If you have never set up your B2C to use IEF policies you can use my IEF setup website or follow instructions provided in the official documentation to do so.
- Download the script file and execute it in a PowerSehll console to define the two functions included in it (there may be better way of doing this but I am not yet that good at PowerShell).
- Store your policies in a single folder. (The SampleData folder on this github project was downloaded from the starter pack for local acounts).
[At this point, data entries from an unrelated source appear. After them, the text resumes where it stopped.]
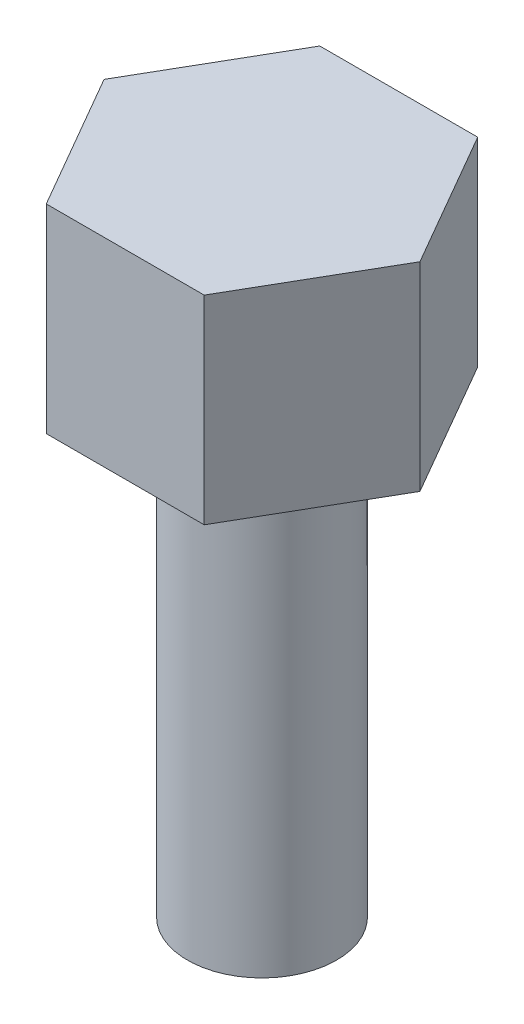
ISO-10303-21;
HEADER;
FILE_DESCRIPTION(('STEP AP214'),'2;1');
FILE_NAME('part.step','',(''),(''),'','','');
FILE_SCHEMA(('AUTOMOTIVE_DESIGN { 1 0 10303 214 1 1 1 1 }'));
ENDSEC;
DATA;
#1=APPLICATION_CONTEXT('core data for automotive mechanical design processes');
#2=APPLICATION_PROTOCOL_DEFINITION('international standard','automotive_design',2000,#1);
#3=PRODUCT_CONTEXT('',#1,'mechanical');
#4=PRODUCT('Part','Part','',(#3));
#5=PRODUCT_RELATED_PRODUCT_CATEGORY('part','',(#4));
#6=PRODUCT_DEFINITION_FORMATION('','',#4);
#7=PRODUCT_DEFINITION_CONTEXT('part definition',#1,'design');
#8=PRODUCT_DEFINITION('design','',#6,#7);
#9=PRODUCT_DEFINITION_SHAPE('','',#8);
#10=(LENGTH_UNIT() NAMED_UNIT(*) SI_UNIT(.MILLI.,.METRE.));
#11=(NAMED_UNIT(*) PLANE_ANGLE_UNIT() SI_UNIT($,.RADIAN.));
#12=(NAMED_UNIT(*) SI_UNIT($,.STERADIAN.) SOLID_ANGLE_UNIT());
#13=UNCERTAINTY_MEASURE_WITH_UNIT(LENGTH_MEASURE(1.E-05),#10,'distance_accuracy_value','');
#14=(GEOMETRIC_REPRESENTATION_CONTEXT(3) GLOBAL_UNCERTAINTY_ASSIGNED_CONTEXT((#13)) GLOBAL_UNIT_ASSIGNED_CONTEXT((#10,
#11,#12)) REPRESENTATION_CONTEXT('',''));
#15=CARTESIAN_POINT('',(0.,0.,0.));
#16=DIRECTION('',(0.,0.,1.));
#17=DIRECTION('',(1.,0.,0.));
#18=AXIS2_PLACEMENT_3D('',#15,#16,#17);
#19=CARTESIAN_POINT('',(1.58771324027147,4.,-2.75));
#20=DIRECTION('',(0.,0.,1.));
#21=DIRECTION('',(1.,0.,0.));
#22=AXIS2_PLACEMENT_3D('',#19,#20,#21);
#23=PLANE('',#22);
#24=DIRECTION('',(-1.,0.,0.));
#25=VECTOR('',#24,1.);
#26=CARTESIAN_POINT('',(1.58771324027147,0.,-2.75));
#27=LINE('',#26,#25);
#28=CARTESIAN_POINT('',(1.58771324027147,0.,-2.75));
#29=VERTEX_POINT('',#28);
#30=CARTESIAN_POINT('',(-1.58771324027147,0.,-2.75));
#31=VERTEX_POINT('',#30);
#32=EDGE_CURVE('E120',#29,#31,#27,.T.);
#33=ORIENTED_EDGE('',*,*,#32,.T.);
#34=DIRECTION('',(0.,-1.,0.));
#35=VECTOR('',#34,1.);
#36=CARTESIAN_POINT('',(-1.58771324027147,4.,-2.75));
#37=LINE('',#36,#35);
#38=CARTESIAN_POINT('',(-1.58771324027147,4.,-2.75));
#39=VERTEX_POINT('',#38);
#40=EDGE_CURVE('E37',#39,#31,#37,.T.);
#41=ORIENTED_EDGE('',*,*,#40,.F.);
#42=DIRECTION('',(-1.,0.,0.));
#43=VECTOR('',#42,1.);
#44=CARTESIAN_POINT('',(1.58771324027147,4.,-2.75));
#45=LINE('',#44,#43);
#46=CARTESIAN_POINT('',(1.58771324027147,4.,-2.75));
#47=VERTEX_POINT('',#46);
#48=EDGE_CURVE('E131',#47,#39,#45,.T.);
#49=ORIENTED_EDGE('',*,*,#48,.F.);
#50=DIRECTION('',(0.,-1.,0.));
#51=VECTOR('',#50,1.);
#52=CARTESIAN_POINT('',(1.58771324027147,4.,-2.75));
#53=LINE('',#52,#51);
#54=EDGE_CURVE('E116',#47,#29,#53,.T.);
#55=ORIENTED_EDGE('',*,*,#54,.T.);
#56=EDGE_LOOP('',(#33,#41,#49,#55));
#57=FACE_BOUND('',#56,.T.);
#58=ADVANCED_FACE('F34',(#57),#23,.F.);
#59=CARTESIAN_POINT('',(-1.58771324027147,4.,-2.75));
#60=DIRECTION('',(0.866025403784439,0.,0.5));
#61=DIRECTION('',(0.5,0.,-0.866025403784439));
#62=AXIS2_PLACEMENT_3D('',#59,#60,#61);
#63=PLANE('',#62);
#64=DIRECTION('',(-0.5,0.,0.866025403784439));
#65=VECTOR('',#64,1.);
#66=CARTESIAN_POINT('',(-1.58771324027147,0.,-2.75));
#67=LINE('',#66,#65);
#68=CARTESIAN_POINT('',(-3.17542648054294,0.,0.));
#69=VERTEX_POINT('',#68);
#70=EDGE_CURVE('E123',#31,#69,#67,.T.);
#71=ORIENTED_EDGE('',*,*,#70,.T.);
#72=DIRECTION('',(0.,-1.,0.));
#73=VECTOR('',#72,1.);
#74=CARTESIAN_POINT('',(-3.17542648054294,4.,0.));
#75=LINE('',#74,#73);
#76=CARTESIAN_POINT('',(-3.17542648054294,4.,0.));
#77=VERTEX_POINT('',#76);
#78=EDGE_CURVE('E134',#77,#69,#75,.T.);
#79=ORIENTED_EDGE('',*,*,#78,.F.);
#80=DIRECTION('',(-0.5,0.,0.866025403784439));
#81=VECTOR('',#80,1.);
#82=CARTESIAN_POINT('',(-1.58771324027147,4.,-2.75));
#83=LINE('',#82,#81);
#84=EDGE_CURVE('E89',#39,#77,#83,.T.);
#85=ORIENTED_EDGE('',*,*,#84,.F.);
#86=ORIENTED_EDGE('',*,*,#40,.T.);
#87=EDGE_LOOP('',(#71,#79,#85,#86));
#88=FACE_BOUND('',#87,.T.);
#89=ADVANCED_FACE('F139',(#88),#63,.F.);
#90=CARTESIAN_POINT('',(-3.17542648054294,4.,0.));
#91=DIRECTION('',(0.866025403784439,0.,-0.5));
#92=DIRECTION('',(-0.5,0.,-0.866025403784438));
#93=AXIS2_PLACEMENT_3D('',#90,#91,#92);
#94=PLANE('',#93);
#95=DIRECTION('',(0.5,0.,0.866025403784438));
#96=VECTOR('',#95,1.);
#97=CARTESIAN_POINT('',(-3.17542648054294,0.,0.));
#98=LINE('',#97,#96);
#99=CARTESIAN_POINT('',(-1.58771324027147,0.,2.75));
#100=VERTEX_POINT('',#99);
#101=EDGE_CURVE('E126',#69,#100,#98,.T.);
#102=ORIENTED_EDGE('',*,*,#101,.T.);
#103=DIRECTION('',(0.,-1.,0.));
#104=VECTOR('',#103,1.);
#105=CARTESIAN_POINT('',(-1.58771324027147,4.,2.75));
#106=LINE('',#105,#104);
#107=CARTESIAN_POINT('',(-1.58771324027147,4.,2.75));
#108=VERTEX_POINT('',#107);
#109=EDGE_CURVE('E111',#108,#100,#106,.T.);
#110=ORIENTED_EDGE('',*,*,#109,.F.);
#111=DIRECTION('',(0.5,0.,0.866025403784438));
#112=VECTOR('',#111,1.);
#113=CARTESIAN_POINT('',(-3.17542648054294,4.,0.));
#114=LINE('',#113,#112);
#115=EDGE_CURVE('E102',#77,#108,#114,.T.);
#116=ORIENTED_EDGE('',*,*,#115,.F.);
#117=ORIENTED_EDGE('',*,*,#78,.T.);
#118=EDGE_LOOP('',(#102,#110,#116,#117));
#119=FACE_BOUND('',#118,.T.);
#120=ADVANCED_FACE('F145',(#119),#94,.F.);
#121=CARTESIAN_POINT('',(-1.58771324027147,4.,2.75));
#122=DIRECTION('',(0.,0.,-1.));
#123=DIRECTION('',(-1.,0.,0.));
#124=AXIS2_PLACEMENT_3D('',#121,#122,#123);
#125=PLANE('',#124);
#126=DIRECTION('',(1.,0.,0.));
#127=VECTOR('',#126,1.);
#128=CARTESIAN_POINT('',(-1.58771324027147,0.,2.75));
#129=LINE('',#128,#127);
#130=CARTESIAN_POINT('',(1.58771324027147,0.,2.75));
#131=VERTEX_POINT('',#130);
#132=EDGE_CURVE('E110',#100,#131,#129,.T.);
#133=ORIENTED_EDGE('',*,*,#132,.T.);
#134=DIRECTION('',(0.,-1.,0.));
#135=VECTOR('',#134,1.);
#136=CARTESIAN_POINT('',(1.58771324027147,4.,2.75));
#137=LINE('',#136,#135);
#138=CARTESIAN_POINT('',(1.58771324027147,4.,2.75));
#139=VERTEX_POINT('',#138);
#140=EDGE_CURVE('E107',#139,#131,#137,.T.);
#141=ORIENTED_EDGE('',*,*,#140,.F.);
#142=DIRECTION('',(1.,0.,0.));
#143=VECTOR('',#142,1.);
#144=CARTESIAN_POINT('',(-1.58771324027147,4.,2.75));
#145=LINE('',#144,#143);
#146=EDGE_CURVE('E96',#108,#139,#145,.T.);
#147=ORIENTED_EDGE('',*,*,#146,.F.);
#148=ORIENTED_EDGE('',*,*,#109,.T.);
#149=EDGE_LOOP('',(#133,#141,#147,#148));
#150=FACE_BOUND('',#149,.T.);
#151=ADVANCED_FACE('F108',(#150),#125,.F.);
#152=CARTESIAN_POINT('',(1.58771324027147,4.,2.75));
#153=DIRECTION('',(-0.866025403784439,0.,-0.5));
#154=DIRECTION('',(-0.5,0.,0.866025403784439));
#155=AXIS2_PLACEMENT_3D('',#152,#153,#154);
#156=PLANE('',#155);
#157=DIRECTION('',(0.5,0.,-0.866025403784439));
#158=VECTOR('',#157,1.);
#159=CARTESIAN_POINT('',(1.58771324027147,0.,2.75));
#160=LINE('',#159,#158);
#161=CARTESIAN_POINT('',(3.17542648054294,0.,0.));
#162=VERTEX_POINT('',#161);
#163=EDGE_CURVE('E74',#131,#162,#160,.T.);
#164=ORIENTED_EDGE('',*,*,#163,.T.);
#165=DIRECTION('',(0.,-1.,0.));
#166=VECTOR('',#165,1.);
#167=CARTESIAN_POINT('',(3.17542648054294,4.,0.));
#168=LINE('',#167,#166);
#169=CARTESIAN_POINT('',(3.17542648054294,4.,0.));
#170=VERTEX_POINT('',#169);
#171=EDGE_CURVE('E112',#170,#162,#168,.T.);
#172=ORIENTED_EDGE('',*,*,#171,.F.);
#173=DIRECTION('',(0.5,0.,-0.866025403784439));
#174=VECTOR('',#173,1.);
#175=CARTESIAN_POINT('',(1.58771324027147,4.,2.75));
#176=LINE('',#175,#174);
#177=EDGE_CURVE('E100',#139,#170,#176,.T.);
#178=ORIENTED_EDGE('',*,*,#177,.F.);
#179=ORIENTED_EDGE('',*,*,#140,.T.);
#180=EDGE_LOOP('',(#164,#172,#178,#179));
#181=FACE_BOUND('',#180,.T.);
#182=ADVANCED_FACE('F114',(#181),#156,.F.);
#183=CARTESIAN_POINT('',(3.17542648054294,4.,0.));
#184=DIRECTION('',(-0.866025403784439,0.,0.5));
#185=DIRECTION('',(0.5,0.,0.866025403784439));
#186=AXIS2_PLACEMENT_3D('',#183,#184,#185);
#187=PLANE('',#186);
#188=DIRECTION('',(-0.5,0.,-0.866025403784439));
#189=VECTOR('',#188,1.);
#190=CARTESIAN_POINT('',(3.17542648054294,0.,0.));
#191=LINE('',#190,#189);
#192=EDGE_CURVE('E80',#162,#29,#191,.T.);
#193=ORIENTED_EDGE('',*,*,#192,.T.);
#194=ORIENTED_EDGE('',*,*,#54,.F.);
#195=DIRECTION('',(-0.5,0.,-0.866025403784439));
#196=VECTOR('',#195,1.);
#197=CARTESIAN_POINT('',(3.17542648054294,4.,0.));
#198=LINE('',#197,#196);
#199=EDGE_CURVE('E51',#170,#47,#198,.T.);
#200=ORIENTED_EDGE('',*,*,#199,.F.);
#201=ORIENTED_EDGE('',*,*,#171,.T.);
#202=EDGE_LOOP('',(#193,#194,#200,#201));
#203=FACE_BOUND('',#202,.T.);
#204=ADVANCED_FACE('F165',(#203),#187,.F.);
#205=CARTESIAN_POINT('',(0.,4.,0.));
#206=DIRECTION('',(0.,1.,0.));
#207=DIRECTION('',(0.,0.,1.));
#208=AXIS2_PLACEMENT_3D('',#205,#206,#207);
#209=PLANE('',#208);
#210=ORIENTED_EDGE('',*,*,#48,.T.);
#211=ORIENTED_EDGE('',*,*,#84,.T.);
#212=ORIENTED_EDGE('',*,*,#115,.T.);
#213=ORIENTED_EDGE('',*,*,#146,.T.);
#214=ORIENTED_EDGE('',*,*,#177,.T.);
#215=ORIENTED_EDGE('',*,*,#199,.T.);
#216=EDGE_LOOP('',(#210,#211,#212,#213,#214,#215));
#217=FACE_BOUND('',#216,.T.);
#218=ADVANCED_FACE('F98',(#217),#209,.T.);
#219=CARTESIAN_POINT('',(0.,0.,0.));
#220=DIRECTION('',(0.,1.,0.));
#221=DIRECTION('',(0.,0.,1.));
#222=AXIS2_PLACEMENT_3D('',#219,#220,#221);
#223=PLANE('',#222);
#224=CARTESIAN_POINT('',(0.,0.,0.));
#225=DIRECTION('',(0.,-1.,0.));
#226=DIRECTION('',(0.,0.,-1.));
#227=AXIS2_PLACEMENT_3D('',#224,#225,#226);
#228=CIRCLE('',#227,1.5);
#229=CARTESIAN_POINT('',(0.,0.,-1.5));
#230=VERTEX_POINT('',#229);
#231=EDGE_CURVE('E11',#230,#230,#228,.T.);
#232=ORIENTED_EDGE('',*,*,#231,.F.);
#233=EDGE_LOOP('',(#232));
#234=FACE_BOUND('',#233,.T.);
#235=ORIENTED_EDGE('',*,*,#32,.F.);
#236=ORIENTED_EDGE('',*,*,#192,.F.);
#237=ORIENTED_EDGE('',*,*,#163,.F.);
#238=ORIENTED_EDGE('',*,*,#132,.F.);
#239=ORIENTED_EDGE('',*,*,#101,.F.);
#240=ORIENTED_EDGE('',*,*,#70,.F.);
#241=EDGE_LOOP('',(#235,#236,#237,#238,#239,#240));
#242=FACE_BOUND('',#241,.T.);
#243=ADVANCED_FACE('F144',(#234,#242),#223,.F.);
#244=CARTESIAN_POINT('',(0.,-9.,0.));
#245=DIRECTION('',(0.,1.,0.));
#246=DIRECTION('',(0.,0.,1.));
#247=AXIS2_PLACEMENT_3D('',#244,#245,#246);
#248=CYLINDRICAL_SURFACE('',#247,1.5);
#249=CARTESIAN_POINT('',(0.,-9.,0.));
#250=DIRECTION('',(0.,-1.,0.));
#251=DIRECTION('',(0.,0.,-1.));
#252=AXIS2_PLACEMENT_3D('',#249,#250,#251);
#253=CIRCLE('',#252,1.5);
#254=CARTESIAN_POINT('',(0.,-9.,-1.5));
#255=VERTEX_POINT('',#254);
#256=EDGE_CURVE('E124',#255,#255,#253,.T.);
#257=ORIENTED_EDGE('',*,*,#256,.F.);
#258=EDGE_LOOP('',(#257));
#259=FACE_BOUND('',#258,.T.);
#260=ORIENTED_EDGE('',*,*,#231,.T.);
#261=EDGE_LOOP('',(#260));
#262=FACE_BOUND('',#261,.T.);
#263=ADVANCED_FACE('F154',(#259,#262),#248,.T.);
#264=CARTESIAN_POINT('',(0.,-9.,0.));
#265=DIRECTION('',(0.,-1.,0.));
#266=DIRECTION('',(0.,0.,-1.));
#267=AXIS2_PLACEMENT_3D('',#264,#265,#266);
#268=PLANE('',#267);
#269=ORIENTED_EDGE('',*,*,#256,.T.);
#270=EDGE_LOOP('',(#269));
#271=FACE_BOUND('',#270,.T.);
#272=ADVANCED_FACE('F152',(#271),#268,.T.);
#273=CLOSED_SHELL('',(#58,#89,#120,#151,#182,#204,#218,#243,#263,#272));
#274=MANIFOLD_SOLID_BREP('B2',#273);
#275=ADVANCED_BREP_SHAPE_REPRESENTATION('',(#18,#274),#14);
#276=SHAPE_DEFINITION_REPRESENTATION(#9,#275);
ENDSEC;
END-ISO-10303-21;

- Optionally, modify the sampleData/appSettings.json file to include any values you need to replace in the policies (e.g. REST API urls). The IEF resource and proxy app ids will be retrieved automatically from your B2C tenant - no need to provide them in the settings file.
The script will use the following string replacement rules to apply your appSettings.json values.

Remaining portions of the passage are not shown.